Early exposure to hyperoxia after resuscitation from cardiac arrest may lead to poor neurological function at hospital discharge

Early exposure to hyperoxia after resuscitation from cardiac arrest may lead to poor neurological function at hospital discharge

An association with poor neurological outcome starting from PaO2 (partial pressure of oxygen) 300 mm Hg and above after resuscitation from cardiac arrest has been reported by Roberts BW et al [1] in Circulation. It was a multi centre prospective cohort study and included adult patients who were ventilated after cardiac arrest and received targeted temperature management. Cardiac arrest due to trauma and sepsis were excluded from the study. PaO2 was measured at 1 hour and 6 hours after return of spontaneous circulation (ROSC). Hyperoxia was defined as PaO2 >300 mm Hg during the initial six hours after ROSC. Poor neurological outcome was defined as modified Rankin score (mRS) above 3. Thirty eight percent of the 280 patients had exposure to hyperoxia. Poor neurological outcome at hospital discharge was noted in 77% of those who had exposure to hyperoxia and 65% in those who did not have exposure to hyperoxia. One hour longer exposure to hyperoxia was associated with 3% increase in risk of poor neurological outcome as per the study. They also noted that SaO2 (arterial oxygen saturation) and FiO2 are not reliable indicators of hyperoxia, mandating frequent arterial blood gas (ABG) estimation to exclude hyperoxia.

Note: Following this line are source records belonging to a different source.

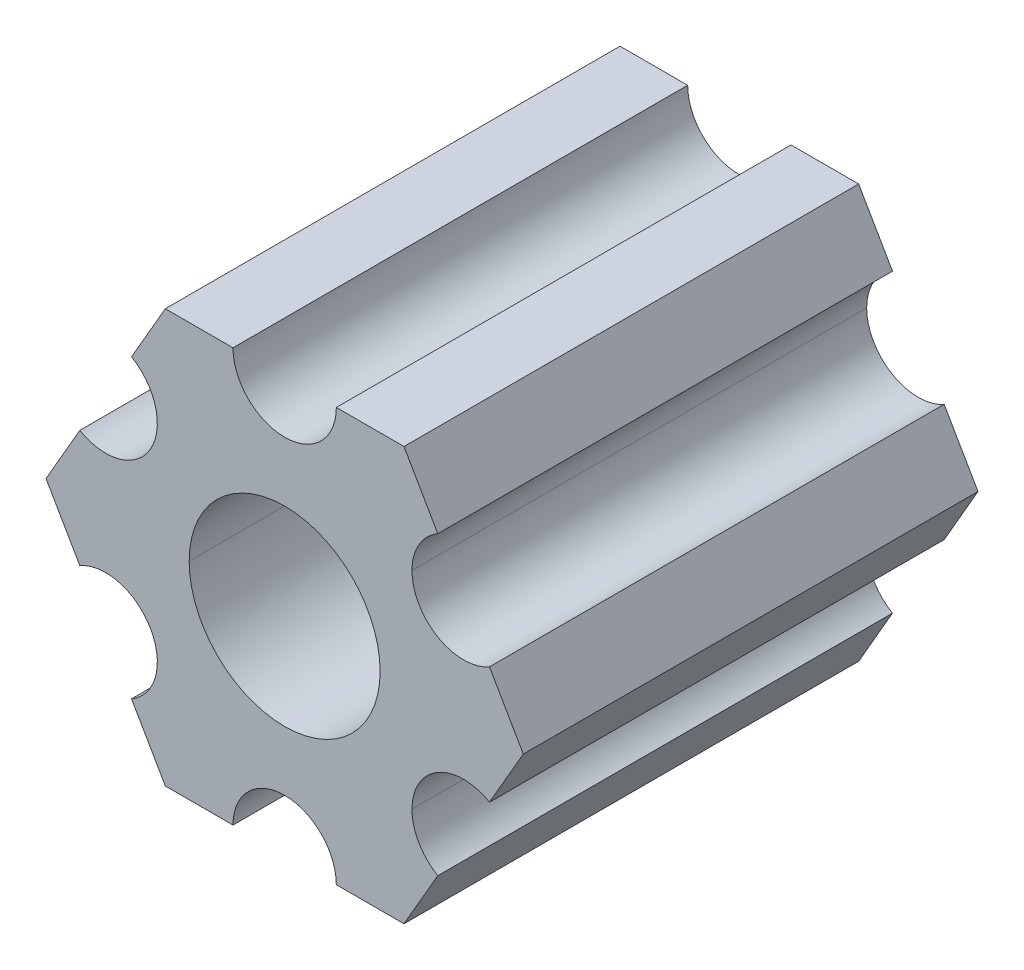
ISO-10303-21;
HEADER;
FILE_DESCRIPTION(('STEP AP214'),'2;1');
FILE_NAME('part.step','',(''),(''),'','','');
FILE_SCHEMA(('AUTOMOTIVE_DESIGN { 1 0 10303 214 1 1 1 1 }'));
ENDSEC;
DATA;
#1=APPLICATION_CONTEXT('core data for automotive mechanical design processes');
#2=APPLICATION_PROTOCOL_DEFINITION('international standard','automotive_design',2000,#1);
#3=PRODUCT_CONTEXT('',#1,'mechanical');
#4=PRODUCT('Part','Part','',(#3));
#5=PRODUCT_RELATED_PRODUCT_CATEGORY('part','',(#4));
#6=PRODUCT_DEFINITION_FORMATION('','',#4);
#7=PRODUCT_DEFINITION_CONTEXT('part definition',#1,'design');
#8=PRODUCT_DEFINITION('design','',#6,#7);
#9=PRODUCT_DEFINITION_SHAPE('','',#8);
#10=(LENGTH_UNIT() NAMED_UNIT(*) SI_UNIT(.MILLI.,.METRE.));
#11=(NAMED_UNIT(*) PLANE_ANGLE_UNIT() SI_UNIT($,.RADIAN.));
#12=(NAMED_UNIT(*) SI_UNIT($,.STERADIAN.) SOLID_ANGLE_UNIT());
#13=UNCERTAINTY_MEASURE_WITH_UNIT(LENGTH_MEASURE(1.E-05),#10,'distance_accuracy_value','');
#14=(GEOMETRIC_REPRESENTATION_CONTEXT(3) GLOBAL_UNCERTAINTY_ASSIGNED_CONTEXT((#13)) GLOBAL_UNIT_ASSIGNED_CONTEXT((#10,
#11,#12)) REPRESENTATION_CONTEXT('',''));
#15=CARTESIAN_POINT('',(0.,0.,0.));
#16=DIRECTION('',(0.,0.,1.));
#17=DIRECTION('',(1.,0.,0.));
#18=AXIS2_PLACEMENT_3D('',#15,#16,#17);
#19=CARTESIAN_POINT('',(0.,0.,304.8));
#20=DIRECTION('',(0.,0.,-1.));
#21=DIRECTION('',(-1.,0.,0.));
#22=AXIS2_PLACEMENT_3D('',#19,#20,#21);
#23=CYLINDRICAL_SURFACE('',#22,2.9337);
#24=DIRECTION('',(0.,0.,-1.));
#25=VECTOR('',#24,1.);
#26=CARTESIAN_POINT('',(2.9337,0.,304.8));
#27=LINE('',#26,#25);
#28=CARTESIAN_POINT('',(2.9337,0.,304.8));
#29=VERTEX_POINT('',#28);
#30=CARTESIAN_POINT('',(2.9337,0.,290.83));
#31=VERTEX_POINT('',#30);
#32=EDGE_CURVE('E220',#29,#31,#27,.T.);
#33=ORIENTED_EDGE('',*,*,#32,.T.);
#34=CARTESIAN_POINT('',(0.,0.,290.83));
#35=DIRECTION('',(0.,0.,1.));
#36=DIRECTION('',(1.,0.,0.));
#37=AXIS2_PLACEMENT_3D('',#34,#35,#36);
#38=CIRCLE('',#37,2.9337);
#39=CARTESIAN_POINT('',(-2.9337,0.,290.83));
#40=VERTEX_POINT('',#39);
#41=EDGE_CURVE('E67',#31,#40,#38,.F.);
#42=ORIENTED_EDGE('',*,*,#41,.T.);
#43=DIRECTION('',(0.,0.,-1.));
#44=VECTOR('',#43,1.);
#45=CARTESIAN_POINT('',(-2.9337,0.,304.8));
#46=LINE('',#45,#44);
#47=CARTESIAN_POINT('',(-2.9337,0.,304.8));
#48=VERTEX_POINT('',#47);
#49=EDGE_CURVE('E218',#48,#40,#46,.T.);
#50=ORIENTED_EDGE('',*,*,#49,.F.);
#51=CARTESIAN_POINT('',(0.,0.,304.8));
#52=DIRECTION('',(0.,0.,1.));
#53=DIRECTION('',(1.,0.,0.));
#54=AXIS2_PLACEMENT_3D('',#51,#52,#53);
#55=CIRCLE('',#54,2.9337);
#56=EDGE_CURVE('E53',#48,#29,#55,.T.);
#57=ORIENTED_EDGE('',*,*,#56,.T.);
#58=EDGE_LOOP('',(#33,#42,#50,#57));
#59=FACE_BOUND('',#58,.T.);
#60=ADVANCED_FACE('F46',(#59),#23,.F.);
#61=CARTESIAN_POINT('',(5.49926150638082,-3.17499966684067,304.8));
#62=DIRECTION('',(0.,0.,-1.));
#63=DIRECTION('',(-1.,0.,0.));
#64=AXIS2_PLACEMENT_3D('',#61,#62,#63);
#65=CYLINDRICAL_SURFACE('',#64,1.5875);
#66=DIRECTION('',(0.,0.,-1.));
#67=VECTOR('',#66,1.);
#68=CARTESIAN_POINT('',(3.91176150638082,-3.17499966684067,304.8));
#69=LINE('',#68,#67);
#70=CARTESIAN_POINT('',(3.91176150638082,-3.17499966684067,304.8));
#71=VERTEX_POINT('',#70);
#72=CARTESIAN_POINT('',(3.91176150638082,-3.17499966684067,290.83));
#73=VERTEX_POINT('',#72);
#74=EDGE_CURVE('E246',#71,#73,#69,.T.);
#75=ORIENTED_EDGE('',*,*,#74,.T.);
#76=CARTESIAN_POINT('',(5.49926150638082,-3.17499966684067,290.83));
#77=DIRECTION('',(0.,0.,1.));
#78=DIRECTION('',(1.,0.,0.));
#79=AXIS2_PLACEMENT_3D('',#76,#77,#78);
#80=CIRCLE('',#79,1.5875);
#81=CARTESIAN_POINT('',(6.29301142309098,-1.80018429024546,290.83));
#82=VERTEX_POINT('',#81);
#83=EDGE_CURVE('E60',#73,#82,#80,.F.);
#84=ORIENTED_EDGE('',*,*,#83,.T.);
#85=DIRECTION('',(0.,0.,-1.));
#86=VECTOR('',#85,1.);
#87=CARTESIAN_POINT('',(6.29301142309098,-1.80018429024546,304.8));
#88=LINE('',#87,#86);
#89=CARTESIAN_POINT('',(6.29301142309098,-1.80018429024546,304.8));
#90=VERTEX_POINT('',#89);
#91=EDGE_CURVE('E344',#90,#82,#88,.T.);
#92=ORIENTED_EDGE('',*,*,#91,.F.);
#93=CARTESIAN_POINT('',(5.49926150638082,-3.17499966684067,304.8));
#94=DIRECTION('',(0.,0.,-1.));
#95=DIRECTION('',(1.,0.,0.));
#96=AXIS2_PLACEMENT_3D('',#93,#94,#95);
#97=CIRCLE('',#96,1.5875);
#98=EDGE_CURVE('E297',#71,#90,#97,.T.);
#99=ORIENTED_EDGE('',*,*,#98,.F.);
#100=EDGE_LOOP('',(#75,#84,#92,#99));
#101=FACE_BOUND('',#100,.T.);
#102=ADVANCED_FACE('F481',(#101),#65,.F.);
#103=CARTESIAN_POINT('',(5.49926112168156,3.17500033315934,304.8));
#104=DIRECTION('',(0.,0.,-1.));
#105=DIRECTION('',(-1.,0.,0.));
#106=AXIS2_PLACEMENT_3D('',#103,#104,#105);
#107=CYLINDRICAL_SURFACE('',#106,1.5875);
#108=DIRECTION('',(0.,0.,-1.));
#109=VECTOR('',#108,1.);
#110=CARTESIAN_POINT('',(3.91176112168156,3.17500033315934,304.8));
#111=LINE('',#110,#109);
#112=CARTESIAN_POINT('',(3.91176112168156,3.17500033315934,304.8));
#113=VERTEX_POINT('',#112);
#114=CARTESIAN_POINT('',(3.91176112168156,3.17500033315934,290.83));
#115=VERTEX_POINT('',#114);
#116=EDGE_CURVE('E243',#113,#115,#111,.T.);
#117=ORIENTED_EDGE('',*,*,#116,.T.);
#118=CARTESIAN_POINT('',(5.49926112168156,3.17500033315934,290.83));
#119=DIRECTION('',(0.,0.,1.));
#120=DIRECTION('',(1.,0.,0.));
#121=AXIS2_PLACEMENT_3D('',#118,#119,#120);
#122=CIRCLE('',#121,1.5875);
#123=CARTESIAN_POINT('',(4.70551103839172,4.54981561357972,290.83));
#124=VERTEX_POINT('',#123);
#125=EDGE_CURVE('E425',#115,#124,#122,.F.);
#126=ORIENTED_EDGE('',*,*,#125,.T.);
#127=DIRECTION('',(0.,0.,-1.));
#128=VECTOR('',#127,1.);
#129=CARTESIAN_POINT('',(4.70551103839172,4.54981561357972,304.8));
#130=LINE('',#129,#128);
#131=CARTESIAN_POINT('',(4.70551103839172,4.54981561357972,304.8));
#132=VERTEX_POINT('',#131);
#133=EDGE_CURVE('E251',#132,#124,#130,.T.);
#134=ORIENTED_EDGE('',*,*,#133,.F.);
#135=CARTESIAN_POINT('',(5.49926112168156,3.17500033315934,304.8));
#136=DIRECTION('',(0.,0.,-1.));
#137=DIRECTION('',(1.,0.,0.));
#138=AXIS2_PLACEMENT_3D('',#135,#136,#137);
#139=CIRCLE('',#138,1.5875);
#140=EDGE_CURVE('E292',#113,#132,#139,.T.);
#141=ORIENTED_EDGE('',*,*,#140,.F.);
#142=EDGE_LOOP('',(#117,#126,#134,#141));
#143=FACE_BOUND('',#142,.T.);
#144=ADVANCED_FACE('F423',(#143),#107,.F.);
#145=CARTESIAN_POINT('',(5.49926112168156,3.17500033315934,304.8));
#146=DIRECTION('',(0.,0.,1.));
#147=DIRECTION('',(1.,0.,0.));
#148=AXIS2_PLACEMENT_3D('',#145,#146,#147);
#149=PLANE('',#148);
#150=DIRECTION('',(0.499999947533953,0.866025434075723,0.));
#151=VECTOR('',#150,1.);
#152=CARTESIAN_POINT('',(6.29301142309098,-1.80018429024546,304.8));
#153=LINE('',#152,#151);
#154=CARTESIAN_POINT('',(7.33234841870827,4.44212519169686E-07,304.8));
#155=VERTEX_POINT('',#154);
#156=EDGE_CURVE('E247',#90,#155,#153,.T.);
#157=ORIENTED_EDGE('',*,*,#156,.T.);
#158=DIRECTION('',(-0.500000052466056,0.866025373493145,0.));
#159=VECTOR('',#158,1.);
#160=CARTESIAN_POINT('',(7.33234841870827,4.44212519169686E-07,304.8));
#161=LINE('',#160,#159);
#162=CARTESIAN_POINT('',(6.29301120497139,1.80018505273894,304.8));
#163=VERTEX_POINT('',#162);
#164=EDGE_CURVE('E291',#155,#163,#161,.T.);
#165=ORIENTED_EDGE('',*,*,#164,.T.);
#166=CARTESIAN_POINT('',(5.49926112168156,3.17500033315934,304.8));
#167=DIRECTION('',(0.,0.,-1.));
#168=DIRECTION('',(1.,0.,0.));
#169=AXIS2_PLACEMENT_3D('',#166,#167,#168);
#170=CIRCLE('',#169,1.5875);
#171=EDGE_CURVE('E287',#163,#113,#170,.T.);
#172=ORIENTED_EDGE('',*,*,#171,.T.);
#173=ORIENTED_EDGE('',*,*,#140,.T.);
#174=DIRECTION('',(-0.500000052466046,0.866025373493151,0.));
#175=VECTOR('',#174,1.);
#176=CARTESIAN_POINT('',(4.70551103839172,4.54981561357972,304.8));
#177=LINE('',#176,#175);
#178=CARTESIAN_POINT('',(3.66617382465481,6.35000022210627,304.8));
#179=VERTEX_POINT('',#178);
#180=EDGE_CURVE('E307',#132,#179,#177,.T.);
#181=ORIENTED_EDGE('',*,*,#180,.T.);
#182=DIRECTION('',(-1.,-6.05825850611185E-08,0.));
#183=VECTOR('',#182,1.);
#184=CARTESIAN_POINT('',(3.66617382465481,6.35000022210627,304.8));
#185=LINE('',#184,#183);
#186=CARTESIAN_POINT('',(1.58749961530074,6.35000009617482,304.8));
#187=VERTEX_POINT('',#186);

Though oxygenation is good for the hypoxic brain, more is not better in this scenario!

Exposure to hyperoxia (supranormal PaO2) caused by high fractional inspired oxgyen (FiO2) after resuscitation can amplify the production of oxygen free radicals leading to neuronal injury and death as result of failure of cellular metabolism and apoptosis (programmed cell death). Current guidelines recommend titration of FiO2 to avoid prolonged exposure to hyperoxia. If SaO2 is more than 98% in the early period after ROSC, FiO2 should be titrated down, but cautiously with regular observation.

Reference

  1. Roberts BW, Kilgannon JH, Hunter BR, Puskarich MA, Pierce L, Donnino M, Leary M, Kline JA, Jones AE, Shapiro NI, Abella BS, Trzeciak S. Association Between Early Hyperoxia Exposure After Resuscitation From Cardiac Arrest and Neurological Disability: Prospective Multicenter Protocol-Directed Cohort Study. Circulation. 2018 May 15;137(20):2114-2124.